Getting China to switch sides was actually easier than they had intended. They didn't even have to offer him anything!

"Please, just get me away from these idiots!" China had begged.

"Well, I dunno, I seem to have plenty of allies," Denmark teased him seriously.

"I can provide you with weapons!" China reasoned. Denmark thought realistically, though he was torturing the poor guy to death.

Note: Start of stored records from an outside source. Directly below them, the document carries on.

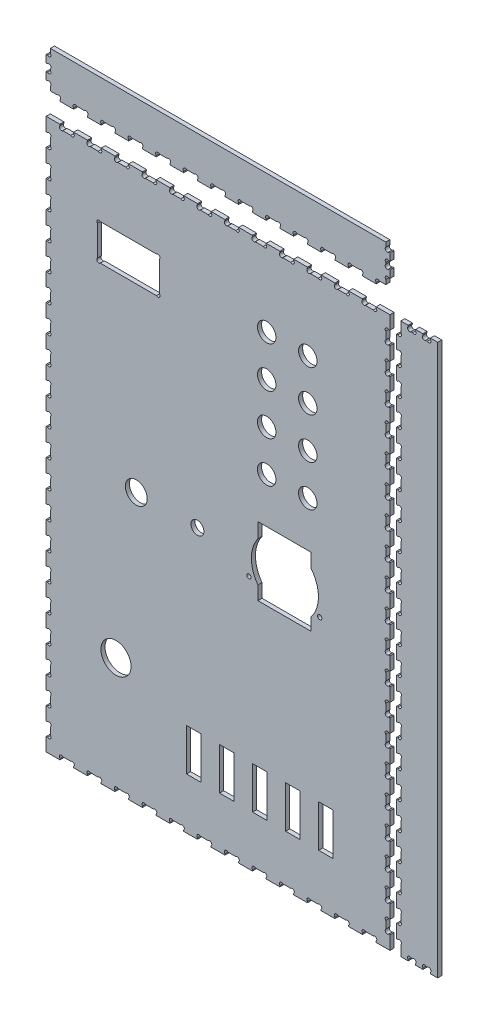
from build123d import *

# Parameters (mm, degrees)
CROQUIS2_W                = 251
CROQUIS2_H                = 402
CROQUIS2_R                = 11
CROQUIS2_R_2              = 1.55
CROQUIS2_R_3              = 4.75
CROQUIS2_R_4              = 8
CROQUIS2_R_5              = 6.75
CROQUIS2_W_2              = 10.6
CROQUIS2_H_2              = 30.7
SALIENTE_EXTRUIR2_DEPTH   = 3
CROQUIS4_W                = 3.05
CROQUIS4_H                = 9.804878049
CROQUIS4_H_2              = 9.804878048
CORTAR_EXTRUIR1_DEPTH     = 4
CROQUIS5_W                = 10.04
CROQUIS5_H                = 3.05
CORTAR_EXTRUIR2_DEPTH     = 4
CROQUIS12_W               = 30
CROQUIS12_H               = 402
SALIENTE_EXTRUIR3_DEPTH   = 3
CROQUIS12_W_2             = 251
CROQUIS12_H_2             = 30
SALIENTE_EXTRUIR3_2_DEPTH = 3
CROQUIS13_W               = 3.05
CROQUIS13_H               = 9.804878049
CROQUIS13_H_2             = 9.804878048
CORTAR_EXTRUIR8_DEPTH     = 4
CROQUIS14_W               = 5.39
CROQUIS14_H               = 3.05
CORTAR_EXTRUIR9_DEPTH     = 4
CROQUIS16_W               = 10.04
CROQUIS16_H               = 3.05
CORTAR_EXTRUIR10_DEPTH    = 4
CROQUIS18_W               = 3.05
CROQUIS18_H               = 5.39
CORTAR_EXTRUIR15_DEPTH    = 4
CROQUIS19_R               = 1.5
CORTAR_EXTRUIR12_DEPTH    = 4
CROQUIS20_R               = 1.5
CORTAR_EXTRUIR13_DEPTH    = 4
CROQUIS21_R               = 1.5
CORTAR_EXTRUIR14_DEPTH    = 4
CROQUIS23_R               = 1.5
CORTAR_EXTRUIR16_DEPTH    = 4
CROQUIS10_R               = 1.5
CORTAR_EXTRUIR6_DEPTH     = 4
CROQUIS11_R               = 1.5
CORTAR_EXTRUIR7_DEPTH     = 4


with BuildPart() as part:
    # Croquis2 → Saliente-Extruir2 (new body)
    with BuildSketch(Plane.XY):
        Rectangle(CROQUIS2_W, CROQUIS2_H)
        with Locations((-74.55, -116)):
            Circle(CROQUIS2_R, mode=Mode.SUBTRACT)
        with Locations((22.55, -15.8999)):
            Circle(CROQUIS2_R_2, mode=Mode.SUBTRACT)
        with Locations((74.25, -15.8999)):
            Circle(CROQUIS2_R_2, mode=Mode.SUBTRACT)
        with Locations((-15.0999, -4)):
            Circle(CROQUIS2_R_3, mode=Mode.SUBTRACT)
        with Locations((-59.72, -4)):
            Circle(CROQUIS2_R_4, mode=Mode.SUBTRACT)
        with Locations((65.5, 145)):
            Circle(CROQUIS2_R_5, mode=Mode.SUBTRACT)
        with Locations((35.5, 145)):
            Circle(CROQUIS2_R_5, mode=Mode.SUBTRACT)
        with Locations((35.5, 115)):
            Circle(CROQUIS2_R_5, mode=Mode.SUBTRACT)
        with Locations((65.5, 115)):
            Circle(CROQUIS2_R_5, mode=Mode.SUBTRACT)
        with Locations((35.5, 85)):
            Circle(CROQUIS2_R_5, mode=Mode.SUBTRACT)
        with Locations((65.5, 85)):
            Circle(CROQUIS2_R_5, mode=Mode.SUBTRACT)
        with Locations((35.5, 55)):
            Circle(CROQUIS2_R_5, mode=Mode.SUBTRACT)
        with Locations((65.5, 55)):
            Circle(CROQUIS2_R_5, mode=Mode.SUBTRACT)
        with Locations((-17.75, -148.35)):
            Rectangle(CROQUIS2_W_2, CROQUIS2_H_2, mode=Mode.SUBTRACT)
        with Locations((6.375, -148.35)):
            Rectangle(CROQUIS2_W_2, CROQUIS2_H_2, mode=Mode.SUBTRACT)
        with Locations((30.5, -148.35)):
            Rectangle(CROQUIS2_W_2, CROQUIS2_H_2, mode=Mode.SUBTRACT)
        with Locations((54.625, -148.35)):
            Rectangle(CROQUIS2_W_2, CROQUIS2_H_2, mode=Mode.SUBTRACT)
        with Locations((78.75, -148.35)):
            Rectangle(CROQUIS2_W_2, CROQUIS2_H_2, mode=Mode.SUBTRACT)
        with BuildLine():
            Line((29.1, 22), (67.7, 22))
            Line((67.7, 22), (67.7, 12.072751973))
            ThreePointArc((67.7, 12.072751973), (73.286, -3.5), (67.7, -19.072751973))
            Line((67.7, -19.072751973), (67.7, -28))
            Line((67.7, -28), (29.1, -28))
            Line((29.1, -28), (29.1, -18.084629032))
            ThreePointArc((29.1, -18.084629032), (24.286, -3.5), (29.1, 11.084629032))
            Line((29.1, 11.084629032), (29.1, 22))
        make_face(mode=Mode.SUBTRACT)
        with BuildLine():
            Line((-86.028579656, 154.1488), (-44.971220344, 154.1488))
            ThreePointArc((-44.971220344, 154.1488), (-42.8499, 154.1488), (-42.8499, 152.027479656))
            Line((-42.8499, 152.027479656), (-42.8499, 129.970120344))
            ThreePointArc((-42.8499, 129.970120344), (-42.8499, 127.8488), (-44.971220344, 127.8488))
            Line((-44.971220344, 127.8488), (-86.028579656, 127.8488))
            ThreePointArc((-86.028579656, 127.8488), (-88.1499, 127.8488), (-88.1499, 129.970120344))
            Line((-88.1499, 129.970120344), (-88.1499, 152.027479656))
            ThreePointArc((-88.1499, 152.027479656), (-88.1499, 154.1488), (-86.028579656, 154.1488))
        make_face(mode=Mode.SUBTRACT)
    extrude(amount=SALIENTE_EXTRUIR2_DEPTH)

    # Croquis4 → Cortar-Extruir1 (cut, through all)
    with BuildSketch(Plane.XY.offset(3)):
        with Locations((-123.975, 186.292682926)):
            Rectangle(CROQUIS4_W, CROQUIS4_H)
        with Locations((-123.975, 166.682926829)):
            Rectangle(CROQUIS4_W, CROQUIS4_H)
        with Locations((-123.975, 147.073170731)):
            Rectangle(CROQUIS4_W, CROQUIS4_H)
        with Locations((-123.975, 127.463414635)):
            Rectangle(CROQUIS4_W, CROQUIS4_H)
        with Locations((-123.975, 107.853658537)):
            Rectangle(CROQUIS4_W, CROQUIS4_H)
        with Locations((-123.975, 88.243902439)):
            Rectangle(CROQUIS4_W, CROQUIS4_H_2)
        with Locations((-123.975, 68.634146342)):
            Rectangle(CROQUIS4_W, CROQUIS4_H)
        with Locations((-123.975, 49.024390244)):
            Rectangle(CROQUIS4_W, CROQUIS4_H_2)
        with Locations((-123.975, 29.414634147)):
            Rectangle(CROQUIS4_W, CROQUIS4_H)
        with Locations((-123.975, 9.804878049)):
            Rectangle(CROQUIS4_W, CROQUIS4_H)
        with Locations((-123.975, -9.804878049)):
            Rectangle(CROQUIS4_W, CROQUIS4_H)
        with Locations((-123.975, -29.414634147)):
            Rectangle(CROQUIS4_W, CROQUIS4_H)
        with Locations((-123.975, -49.024390244)):
            Rectangle(CROQUIS4_W, CROQUIS4_H_2)
        with Locations((-123.975, -68.634146342)):
            Rectangle(CROQUIS4_W, CROQUIS4_H)
        with Locations((-123.975, -88.243902439)):
            Rectangle(CROQUIS4_W, CROQUIS4_H_2)
        with Locations((-123.975, -107.853658537)):
            Rectangle(CROQUIS4_W, CROQUIS4_H)
        with Locations((-123.975, -127.463414635)):
            Rectangle(CROQUIS4_W, CROQUIS4_H)
        with Locations((-123.975, -147.073170731)):
            Rectangle(CROQUIS4_W, CROQUIS4_H)
        with Locations((-123.975, -166.682926829)):
            Rectangle(CROQUIS4_W, CROQUIS4_H)
        with Locations((-123.975, -186.292682926)):
            Rectangle(CROQUIS4_W, CROQUIS4_H)
        with Locations((123.975, -186.292682926)):
            Rectangle(CROQUIS4_W, CROQUIS4_H)
        with Locations((123.975, -166.682926829)):
            Rectangle(CROQUIS4_W, CROQUIS4_H)
        with Locations((123.975, -147.073170731)):
            Rectangle(CROQUIS4_W, CROQUIS4_H)
        with Locations((123.975, -127.463414635)):
            Rectangle(CROQUIS4_W, CROQUIS4_H)
        with Locations((123.975, -107.853658537)):
            Rectangle(CROQUIS4_W, CROQUIS4_H)
        with Locations((123.975, -88.243902439)):
            Rectangle(CROQUIS4_W, CROQUIS4_H_2)
        with Locations((123.975, -68.634146342)):
            Rectangle(CROQUIS4_W, CROQUIS4_H)
        with Locations((123.975, -49.024390244)):
            Rectangle(CROQUIS4_W, CROQUIS4_H_2)
        with Locations((123.975, -29.414634147)):
            Rectangle(CROQUIS4_W, CROQUIS4_H)
        with Locations((123.975, -9.804878049)):
            Rectangle(CROQUIS4_W, CROQUIS4_H)
        with Locations((123.975, 9.804878049)):
            Rectangle(CROQUIS4_W, CROQUIS4_H)
        with Locations((123.975, 29.414634147)):
            Rectangle(CROQUIS4_W, CROQUIS4_H)
        with Locations((123.975, 49.024390244)):
            Rectangle(CROQUIS4_W, CROQUIS4_H_2)
        with Locations((123.975, 68.634146342)):
            Rectangle(CROQUIS4_W, CROQUIS4_H)
        with Locations((123.975, 88.243902439)):
            Rectangle(CROQUIS4_W, CROQUIS4_H_2)
        with Locations((123.975, 107.853658537)):
            Rectangle(CROQUIS4_W, CROQUIS4_H)
        with Locations((123.975, 127.463414635)):
            Rectangle(CROQUIS4_W, CROQUIS4_H)
        with Locations((123.975, 147.073170731)):
            Rectangle(CROQUIS4_W, CROQUIS4_H)
        with Locations((123.975, 166.682926829)):
            Rectangle(CROQUIS4_W, CROQUIS4_H)
        with Locations((123.975, 186.292682926)):
            Rectangle(CROQUIS4_W, CROQUIS4_H)
    extrude(amount=-CORTAR_EXTRUIR1_DEPTH, mode=Mode.SUBTRACT)

    # Croquis5 → Cortar-Extruir2 (cut, through all)
    with BuildSketch(Plane.XY.offset(3)):
        with Locations((-110.44, 199.475)):
            Rectangle(CROQUIS5_W, CROQUIS5_H)
        with Locations((-90.36, 199.475)):
            Rectangle(CROQUIS5_W, CROQUIS5_H)
        with Locations((-70.28, 199.475)):
            Rectangle(CROQUIS5_W, CROQUIS5_H)
        with Locations((-50.2, 199.475)):
            Rectangle(CROQUIS5_W, CROQUIS5_H)
        with Locations((-30.12, 199.475)):
            Rectangle(CROQUIS5_W, CROQUIS5_H)
        with Locations((-10.04, 199.475)):
            Rectangle(CROQUIS5_W, CROQUIS5_H)
        with Locations((10.04, 199.475)):
            Rectangle(CROQUIS5_W, CROQUIS5_H)
        with Locations((30.12, 199.475)):
            Rectangle(CROQUIS5_W, CROQUIS5_H)
        with Locations((50.2, 199.475)):
            Rectangle(CROQUIS5_W, CROQUIS5_H)
        with Locations((70.28, 199.475)):
            Rectangle(CROQUIS5_W, CROQUIS5_H)
        with Locations((90.36, 199.475)):
            Rectangle(CROQUIS5_W, CROQUIS5_H)
        with Locations((110.44, 199.475)):
            Rectangle(CROQUIS5_W, CROQUIS5_H)
        with Locations((110.44, -199.475)):
            Rectangle(CROQUIS5_W, CROQUIS5_H)
        with Locations((90.36, -199.475)):
            Rectangle(CROQUIS5_W, CROQUIS5_H)
        with Locations((70.28, -199.475)):
            Rectangle(CROQUIS5_W, CROQUIS5_H)
        with Locations((50.2, -199.475)):
            Rectangle(CROQUIS5_W, CROQUIS5_H)
        with Locations((30.12, -199.475)):
            Rectangle(CROQUIS5_W, CROQUIS5_H)
        with Locations((10.04, -199.475)):
            Rectangle(CROQUIS5_W, CROQUIS5_H)
        with Locations((-10.04, -199.475)):
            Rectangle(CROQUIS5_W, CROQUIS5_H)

"I suppose I could have some room for you on my side," Denmark smiled at him. China's eyes lit up and hugged him in a fit of joy.

"Thank you ever so much, aru! I won't let you down!"

"Yeah, yeah, personal space, please, dude. Only Norge can hug me like that," he flashed a smirk in his direction. Norway's face turned pink.

"You shut your mouth! No way!" Norway defended himself.

"Reject it all you want, but I know the truth!" Denmark shrugged, "Anyway, I have one more person I need to get..."

"My nips are freezin' out here!" Denmark loudly stated, as if it were necessary.

"Lovely," Norway grumbled, keeping a distance in front of Denmark's slow pace.

"You know you liked hearing it," Denmark smirked under his scarves, and haulted in front of an intimidating-looking home.

"Must be Russia's place," Denmark pointed out the obvious. The two traveled by themselves. Nobody else was willing to travel to Siberia. Denmark begged Norway to go with him, who rejected, but Denmark decided that he was going to go with him anyway.

The two Nordics stomped through the snow up to the front door, it opening before they even knocked. Russia's "innocent" smile greeted them there.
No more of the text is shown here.